> [WHAT THE EXERCISE ASKS] Across the entries below, how many lines include the word "UNSPECIFIED"? Reply with only the number.

──────── INPUT ────────

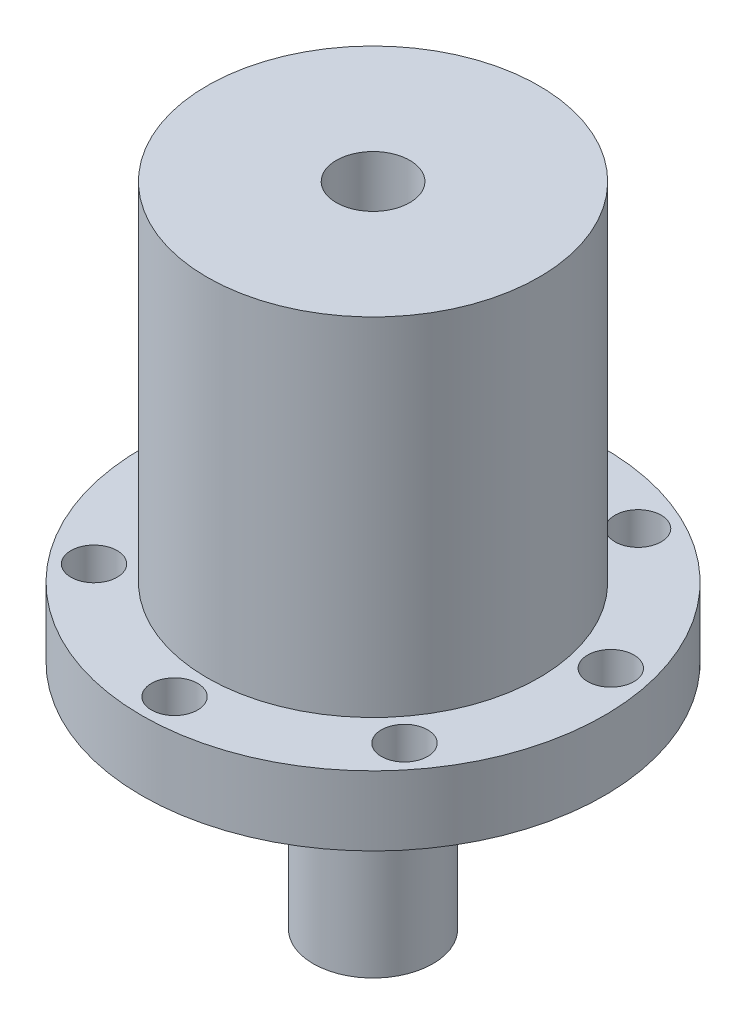
ISO-10303-21;
HEADER;
FILE_DESCRIPTION(('STEP AP214'),'2;1');
FILE_NAME('part.step','',(''),(''),'','','');
FILE_SCHEMA(('AUTOMOTIVE_DESIGN { 1 0 10303 214 1 1 1 1 }'));
ENDSEC;
DATA;
#1=APPLICATION_CONTEXT('core data for automotive mechanical design processes');
#2=APPLICATION_PROTOCOL_DEFINITION('international standard','automotive_design',2000,#1);
#3=PRODUCT_CONTEXT('',#1,'mechanical');
#4=PRODUCT('Part','Part','',(#3));
#5=PRODUCT_RELATED_PRODUCT_CATEGORY('part','',(#4));
#6=PRODUCT_DEFINITION_FORMATION('','',#4);
#7=PRODUCT_DEFINITION_CONTEXT('part definition',#1,'design');
#8=PRODUCT_DEFINITION('design','',#6,#7);
#9=PRODUCT_DEFINITION_SHAPE('','',#8);
#10=(LENGTH_UNIT() NAMED_UNIT(*) SI_UNIT(.MILLI.,.METRE.));
#11=(NAMED_UNIT(*) PLANE_ANGLE_UNIT() SI_UNIT($,.RADIAN.));
#12=(NAMED_UNIT(*) SI_UNIT($,.STERADIAN.) SOLID_ANGLE_UNIT());
#13=UNCERTAINTY_MEASURE_WITH_UNIT(LENGTH_MEASURE(1.E-05),#10,'distance_accuracy_value','');
#14=(GEOMETRIC_REPRESENTATION_CONTEXT(3) GLOBAL_UNCERTAINTY_ASSIGNED_CONTEXT((#13)) GLOBAL_UNIT_ASSIGNED_CONTEXT((#10,
#11,#12)) REPRESENTATION_CONTEXT('',''));
#15=CARTESIAN_POINT('',(0.,0.,0.));
#16=DIRECTION('',(0.,0.,1.));
#17=DIRECTION('',(1.,0.,0.));
#18=AXIS2_PLACEMENT_3D('',#15,#16,#17);
#19=CARTESIAN_POINT('',(0.,-3.,0.));
#20=DIRECTION('',(0.,1.,0.));
#21=DIRECTION('',(0.,0.,1.));
#22=AXIS2_PLACEMENT_3D('',#19,#20,#21);
#23=CYLINDRICAL_SURFACE('',#22,1.5875);
#24=CARTESIAN_POINT('',(0.,8.63415065632549,1.5875));
#25=CARTESIAN_POINT('',(-0.0395765228744761,8.63413147581965,1.58750956703391));
#26=CARTESIAN_POINT('',(-0.0791414603327754,8.63536667564087,1.58602044392211));
#27=CARTESIAN_POINT('',(-0.157863589864403,8.64019906328854,1.5801213133344));
#28=CARTESIAN_POINT('',(-0.19702119812072,8.64379353617797,1.57571466315646));
#29=CARTESIAN_POINT('',(-0.274289674601433,8.65315628257169,1.56410876257414));
#30=CARTESIAN_POINT('',(-0.312406770733406,8.65890483715422,1.5569348274669));
#31=CARTESIAN_POINT('',(-0.387690112288241,8.6723307525074,1.53991669548217));
#32=CARTESIAN_POINT('',(-0.424856123660818,8.68000858311428,1.53007184811132));
#33=CARTESIAN_POINT('',(-0.534268308819786,8.70543822350668,1.49682945845514));
#34=CARTESIAN_POINT('',(-0.604835392267215,8.72564062156371,1.4696609141244));
#35=CARTESIAN_POINT('',(-0.740449380453533,8.77023032625165,1.4062448561955));
#36=CARTESIAN_POINT('',(-0.805481583586271,8.7946282884132,1.36997411516249));
#37=CARTESIAN_POINT('',(-0.937900406216348,8.84888241883566,1.28357956912348));
#38=CARTESIAN_POINT('',(-1.00437447188675,8.87902726728433,1.23223503035379));
#39=CARTESIAN_POINT('',(-1.12851348771735,8.93903543618116,1.11966079116415));
#40=CARTESIAN_POINT('',(-1.18617500422824,8.96889864266199,1.05842725669195));
#41=CARTESIAN_POINT('',(-1.29832010059767,9.02945120993254,0.918444195195142));
#42=CARTESIAN_POINT('',(-1.35148289541241,9.05976869190402,0.83845922137997));
#43=CARTESIAN_POINT('',(-1.44316521683284,9.11351146135875,0.668380842782619));
#44=CARTESIAN_POINT('',(-1.48169861283472,9.13694327201238,0.578297117620739));
#45=CARTESIAN_POINT('',(-1.53868564694888,9.17207069089923,0.400482479966415));
#46=CARTESIAN_POINT('',(-1.55881326816659,9.18473482801484,0.313484574746632));
#47=CARTESIAN_POINT('',(-1.58413290843663,9.20071319485494,0.13653140462551));
#48=CARTESIAN_POINT('',(-1.58934132506166,9.20403768962465,0.0465794965574217));
#49=CARTESIAN_POINT('',(-1.58482705614846,9.20117468304311,-0.120260402448072));
#50=CARTESIAN_POINT('',(-1.57707107649359,9.19623996671573,-0.197233444792849));
#51=CARTESIAN_POINT('',(-1.55067108372348,9.17962601942527,-0.348526556609757));
#52=CARTESIAN_POINT('',(-1.53202620636554,9.16794625311404,-0.422846415004009));
#53=CARTESIAN_POINT('',(-1.48470611121063,9.138819668914,-0.567078404089738));
#54=CARTESIAN_POINT('',(-1.45601922440865,9.12136614311041,-0.636985294798043));
#55=CARTESIAN_POINT('',(-1.38970000110665,9.08202942926241,-0.771030007381741));
#56=CARTESIAN_POINT('',(-1.35206630991214,9.06014557046668,-0.835166953562688));
#57=CARTESIAN_POINT('',(-1.26361183589062,9.01047739019561,-0.964538550696153));
#58=CARTESIAN_POINT('',(-1.2117266025133,8.9822970023242,-1.02889185070457));
#59=CARTESIAN_POINT('',(-1.09896426195195,8.924406558414,-1.148568313076));
#60=CARTESIAN_POINT('',(-1.03807035538961,8.89469371357125,-1.20387418906513));
#61=CARTESIAN_POINT('',(-0.899243064669855,8.83221449566592,-1.31159247001256));
#62=CARTESIAN_POINT('',(-0.820118025774577,8.799590055667,-1.36256127316667));
#63=CARTESIAN_POINT('',(-0.652595946047053,8.73994555707023,-1.4502200902614));
#64=CARTESIAN_POINT('',(-0.564236681312832,8.71290391495587,-1.48696559399687));
#65=CARTESIAN_POINT('',(-0.434860371504752,8.68216898275498,-1.52728203577891));
#66=CARTESIAN_POINT('',(-0.396885113174498,8.67414601690114,-1.53759594015393));
#67=CARTESIAN_POINT('',(-0.319922242874916,8.6601042310211,-1.55543044451846));
#68=CARTESIAN_POINT('',(-0.280935050837347,8.6540845935477,-1.56295218398057));
#69=CARTESIAN_POINT('',(-0.201853753435713,8.6442721280453,-1.57512685726398));
#70=CARTESIAN_POINT('',(-0.161752683461952,8.64050079232005,-1.57975212315708));
#71=CARTESIAN_POINT('',(-0.0811058477622737,8.63542784739645,-1.58594602441984));
#72=CARTESIAN_POINT('',(-0.0405595411914737,8.63412967987148,-1.58751040032115));
#73=CARTESIAN_POINT('',(0.,8.63415065632549,-1.5875));
#74=B_SPLINE_CURVE_WITH_KNOTS('',3,(#24,#25,#26,#27,#28,#29,#30,#31,#32,#33,#34,#35,#36,#37,#38,
#39,#40,#41,#42,#43,#44,#45,#46,#47,#48,#49,#50,#51,#52,#53,#54,#55,#56,#57,#58,#59,#60,#61,#62,
#63,#64,#65,#66,#67,#68,#69,#70,#71,#72,#73),.UNSPECIFIED.,.F.,.F.,(4,2,2,2,2,2,2,2,2,2,2,2,2,2,
2,2,2,2,2,2,2,2,2,2,4),(0.,0.11866358077449,0.237190848100903,0.35465859493571,
0.472154976440276,0.70591796213149,0.940283651994719,1.2069766240342,1.47377324466391,
1.77426045905579,2.07446208101977,2.34338134671552,2.61200493187872,2.84345088794261,
3.07491521617528,3.30664940810054,3.53841871079736,3.79941283846901,4.06089995057356,
4.35834331465186,4.65461426779284,4.77496849121757,4.89527354437296,5.01671092509853,
5.13831717560696),.UNSPECIFIED.);
#75=CARTESIAN_POINT('',(0.,8.63415065632549,1.5875));
#76=VERTEX_POINT('',#75);
#77=CARTESIAN_POINT('',(0.,8.63415065632549,-1.5875));
#78=VERTEX_POINT('',#77);
#79=EDGE_CURVE('E74',#76,#78,#74,.T.);
#80=ORIENTED_EDGE('',*,*,#79,.T.);
#81=DIRECTION('',(0.,1.,0.));
#82=VECTOR('',#81,1.);
#83=CARTESIAN_POINT('',(0.,-3.,-1.5875));
#84=LINE('',#83,#82);
#85=CARTESIAN_POINT('',(0.,4.77158997719047,-1.5875));
#86=VERTEX_POINT('',#85);
#87=EDGE_CURVE('E66',#78,#86,#84,.F.);
#88=ORIENTED_EDGE('',*,*,#87,.T.);
#89=CARTESIAN_POINT('',(0.,4.77158997719047,-1.5875));
#90=CARTESIAN_POINT('',(-0.0395765228744763,4.77160915769631,-1.58750956703391));
#91=CARTESIAN_POINT('',(-0.0791414603327755,4.77037395787509,-1.58602044392211));
#92=CARTESIAN_POINT('',(-0.157863589864403,4.76554157022742,-1.5801213133344));
#93=CARTESIAN_POINT('',(-0.19702119812072,4.76194709733799,-1.57571466315646));
#94=CARTESIAN_POINT('',(-0.274289674601433,4.75258435094427,-1.56410876257414));
#95=CARTESIAN_POINT('',(-0.312406770733406,4.74683579636174,-1.5569348274669));
#96=CARTESIAN_POINT('',(-0.387690112288242,4.73340988100856,-1.53991669548217));
#97=CARTESIAN_POINT('',(-0.424856123660819,4.72573205040168,-1.53007184811132));
#98=CARTESIAN_POINT('',(-0.534268308819786,4.70030241000928,-1.49682945845514));
#99=CARTESIAN_POINT('',(-0.604835392267215,4.68010001195225,-1.4696609141244));
#100=CARTESIAN_POINT('',(-0.740449380453533,4.63551030726431,-1.4062448561955));
#101=CARTESIAN_POINT('',(-0.805481583586271,4.61111234510276,-1.36997411516249));
#102=CARTESIAN_POINT('',(-0.937900406216347,4.5568582146803,-1.28357956912348));
#103=CARTESIAN_POINT('',(-1.00437447188675,4.52671336623164,-1.23223503035379));
#104=CARTESIAN_POINT('',(-1.12851348771735,4.46670519733481,-1.11966079116415));
#105=CARTESIAN_POINT('',(-1.18617500422824,4.43684199085397,-1.05842725669195));
#106=CARTESIAN_POINT('',(-1.29832010059767,4.37628942358343,-0.918444195195142));
#107=CARTESIAN_POINT('',(-1.35148289541241,4.34597194161194,-0.83845922137997));
#108=CARTESIAN_POINT('',(-1.44316521683284,4.29222917215721,-0.668380842782619));
#109=CARTESIAN_POINT('',(-1.48169861283472,4.26879736150358,-0.578297117620739));
#110=CARTESIAN_POINT('',(-1.53868564694888,4.23366994261674,-0.400482479966414));
#111=CARTESIAN_POINT('',(-1.55881326816659,4.22100580550112,-0.313484574746631));
#112=CARTESIAN_POINT('',(-1.58413290843663,4.20502743866102,-0.136531404625509));
#113=CARTESIAN_POINT('',(-1.58934132506166,4.20170294389131,-0.046579496557421));
#114=CARTESIAN_POINT('',(-1.58482705614846,4.20456595047285,0.120260402448073));
#115=CARTESIAN_POINT('',(-1.57707107649359,4.20950066680023,0.19723344479285));
#116=CARTESIAN_POINT('',(-1.55067108372348,4.22611461409069,0.348526556609758));
#117=CARTESIAN_POINT('',(-1.53202620636554,4.23779438040193,0.42284641500401));
#118=CARTESIAN_POINT('',(-1.48470611121063,4.26692096460196,0.567078404089739));
#119=CARTESIAN_POINT('',(-1.45601922440865,4.28437449040555,0.636985294798044));
#120=CARTESIAN_POINT('',(-1.38970000110665,4.32371120425356,0.771030007381742));
#121=CARTESIAN_POINT('',(-1.35206630991214,4.34559506304928,0.835166953562689));
#122=CARTESIAN_POINT('',(-1.26361183589062,4.39526324332035,0.964538550696154));
#123=CARTESIAN_POINT('',(-1.21172660251329,4.42344363119176,1.02889185070457));
#124=CARTESIAN_POINT('',(-1.09896426195195,4.48133407510196,1.148568313076));
#125=CARTESIAN_POINT('',(-1.03807035538961,4.51104691994471,1.20387418906513));
#126=CARTESIAN_POINT('',(-0.899243064669855,4.57352613785004,1.31159247001256));
#127=CARTESIAN_POINT('',(-0.820118025774577,4.60615057784896,1.36256127316667));
#128=CARTESIAN_POINT('',(-0.652595946047052,4.66579507644574,1.4502200902614));
#129=CARTESIAN_POINT('',(-0.564236681312831,4.69283671856009,1.48696559399687));
#130=CARTESIAN_POINT('',(-0.43486037150475,4.72357165076098,1.52728203577891));
#131=CARTESIAN_POINT('',(-0.396885113174496,4.73159461661482,1.53759594015393));
#132=CARTESIAN_POINT('',(-0.319922242874915,4.74563640249486,1.55543044451846));
#133=CARTESIAN_POINT('',(-0.280935050837346,4.75165603996826,1.56295218398057));
#134=CARTESIAN_POINT('',(-0.201853753435712,4.76146850547066,1.57512685726398));
#135=CARTESIAN_POINT('',(-0.161752683461951,4.76523984119591,1.57975212315708));
#136=CARTESIAN_POINT('',(-0.081105847762273,4.77031278611951,1.58594602441984));
#137=CARTESIAN_POINT('',(-0.0405595411914732,4.77161095364448,1.58751040032115));
#138=CARTESIAN_POINT('',(0.,4.77158997719047,1.5875));
#139=B_SPLINE_CURVE_WITH_KNOTS('',3,(#89,#90,#91,#92,#93,#94,#95,#96,#97,#98,#99,#100,#101,#102,
#103,#104,#105,#106,#107,#108,#109,#110,#111,#112,#113,#114,#115,#116,#117,#118,#119,#120,#121,
#122,#123,#124,#125,#126,#127,#128,#129,#130,#131,#132,#133,#134,#135,#136,#137,#138),
.UNSPECIFIED.,.F.,.F.,(4,2,2,2,2,2,2,2,2,2,2,2,2,2,2,2,2,2,2,2,2,2,2,2,4),(0.,0.11866358077449,
0.237190848100903,0.354658594935711,0.472154976440276,0.705917962131491,0.940283651994719,
1.2069766240342,1.47377324466391,1.77426045905579,2.07446208101977,2.34338134671552,
2.61200493187872,2.84345088794261,3.07491521617528,3.30664940810054,3.53841871079736,
3.79941283846901,4.06089995057356,4.35834331465186,4.65461426779284,4.77496849121757,
4.89527354437296,5.01671092509853,5.13831717560696),.UNSPECIFIED.);
#140=CARTESIAN_POINT('',(0.,4.77158997719047,1.5875));
#141=VERTEX_POINT('',#140);
#142=EDGE_CURVE('E58',#86,#141,#139,.T.);
#143=ORIENTED_EDGE('',*,*,#142,.T.);
#144=DIRECTION('',(0.,1.,0.));
#145=VECTOR('',#144,1.);
#146=CARTESIAN_POINT('',(0.,-3.,1.5875));
#147=LINE('',#146,#145);
#148=EDGE_CURVE('E71',#141,#76,#147,.T.);
#149=ORIENTED_EDGE('',*,*,#148,.T.);
#150=EDGE_LOOP('',(#80,#88,#143,#149));
#151=FACE_BOUND('',#150,.T.);
#152=CARTESIAN_POINT('',(0.,15.,0.));
#153=DIRECTION('',(0.,1.,0.));
#154=DIRECTION('',(0.,0.,1.));
#155=AXIS2_PLACEMENT_3D('',#152,#153,#154);
#156=CIRCLE('',#155,1.5875);
#157=CARTESIAN_POINT('',(0.,15.,1.5875));
#158=VERTEX_POINT('',#157);
#159=EDGE_CURVE('E81',#158,#158,#156,.T.);
#160=ORIENTED_EDGE('',*,*,#159,.T.);
#161=EDGE_LOOP('',(#160));
#162=FACE_BOUND('',#161,.T.);
#163=CARTESIAN_POINT('',(0.,-13.,0.));
#164=DIRECTION('',(0.,1.,0.));
#165=DIRECTION('',(0.,0.,1.));
#166=AXIS2_PLACEMENT_3D('',#163,#164,#165);
#167=CIRCLE('',#166,1.5875);
#168=CARTESIAN_POINT('',(0.,-13.,1.5875));
#169=VERTEX_POINT('',#168);
#170=EDGE_CURVE('E284',#169,#169,#167,.T.);
#171=ORIENTED_EDGE('',*,*,#170,.F.);
#172=EDGE_LOOP('',(#171));
#173=FACE_BOUND('',#172,.T.);
#174=ADVANCED_FACE('F37',(#151,#162,#173),#23,.F.);
#175=CARTESIAN_POINT('',(0.,-3.,0.));
#176=DIRECTION('',(0.,1.,0.));
#177=DIRECTION('',(0.,0.,1.));
#178=AXIS2_PLACEMENT_3D('',#175,#176,#177);
#179=CYLINDRICAL_SURFACE('',#178,7.175);
#180=CARTESIAN_POINT('',(0.,0.,0.));
#181=DIRECTION('',(0.,1.,0.));
#182=DIRECTION('',(0.,0.,1.));
#183=AXIS2_PLACEMENT_3D('',#180,#181,#182);
#184=CIRCLE('',#183,7.175);
#185=CARTESIAN_POINT('',(0.,0.,7.175));
#186=VERTEX_POINT('',#185);
#187=EDGE_CURVE('E11',#186,#186,#184,.F.);
#188=ORIENTED_EDGE('',*,*,#187,.F.);
#189=EDGE_LOOP('',(#188));
#190=FACE_BOUND('',#189,.T.);
#191=CARTESIAN_POINT('',(-6.72537173693767,6.70287031675798,-2.5));
#192=CARTESIAN_POINT('',(-6.72537003610282,6.56710225454794,-2.50000202648919));
#193=CARTESIAN_POINT('',(-6.72952780573981,6.43134830637851,-2.48890300789514));
#194=CARTESIAN_POINT('',(-6.74561293814453,6.16388750299437,-2.44496787920928));
#195=CARTESIAN_POINT('',(-6.75754100487008,6.03218101559562,-2.41212979964118));
#196=CARTESIAN_POINT('',(-6.78765511723461,5.77673842365155,-2.32603040366317));
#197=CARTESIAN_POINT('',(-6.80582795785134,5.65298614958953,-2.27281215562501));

────────

> [RESPONSE FOR THIS EXERCISE] 4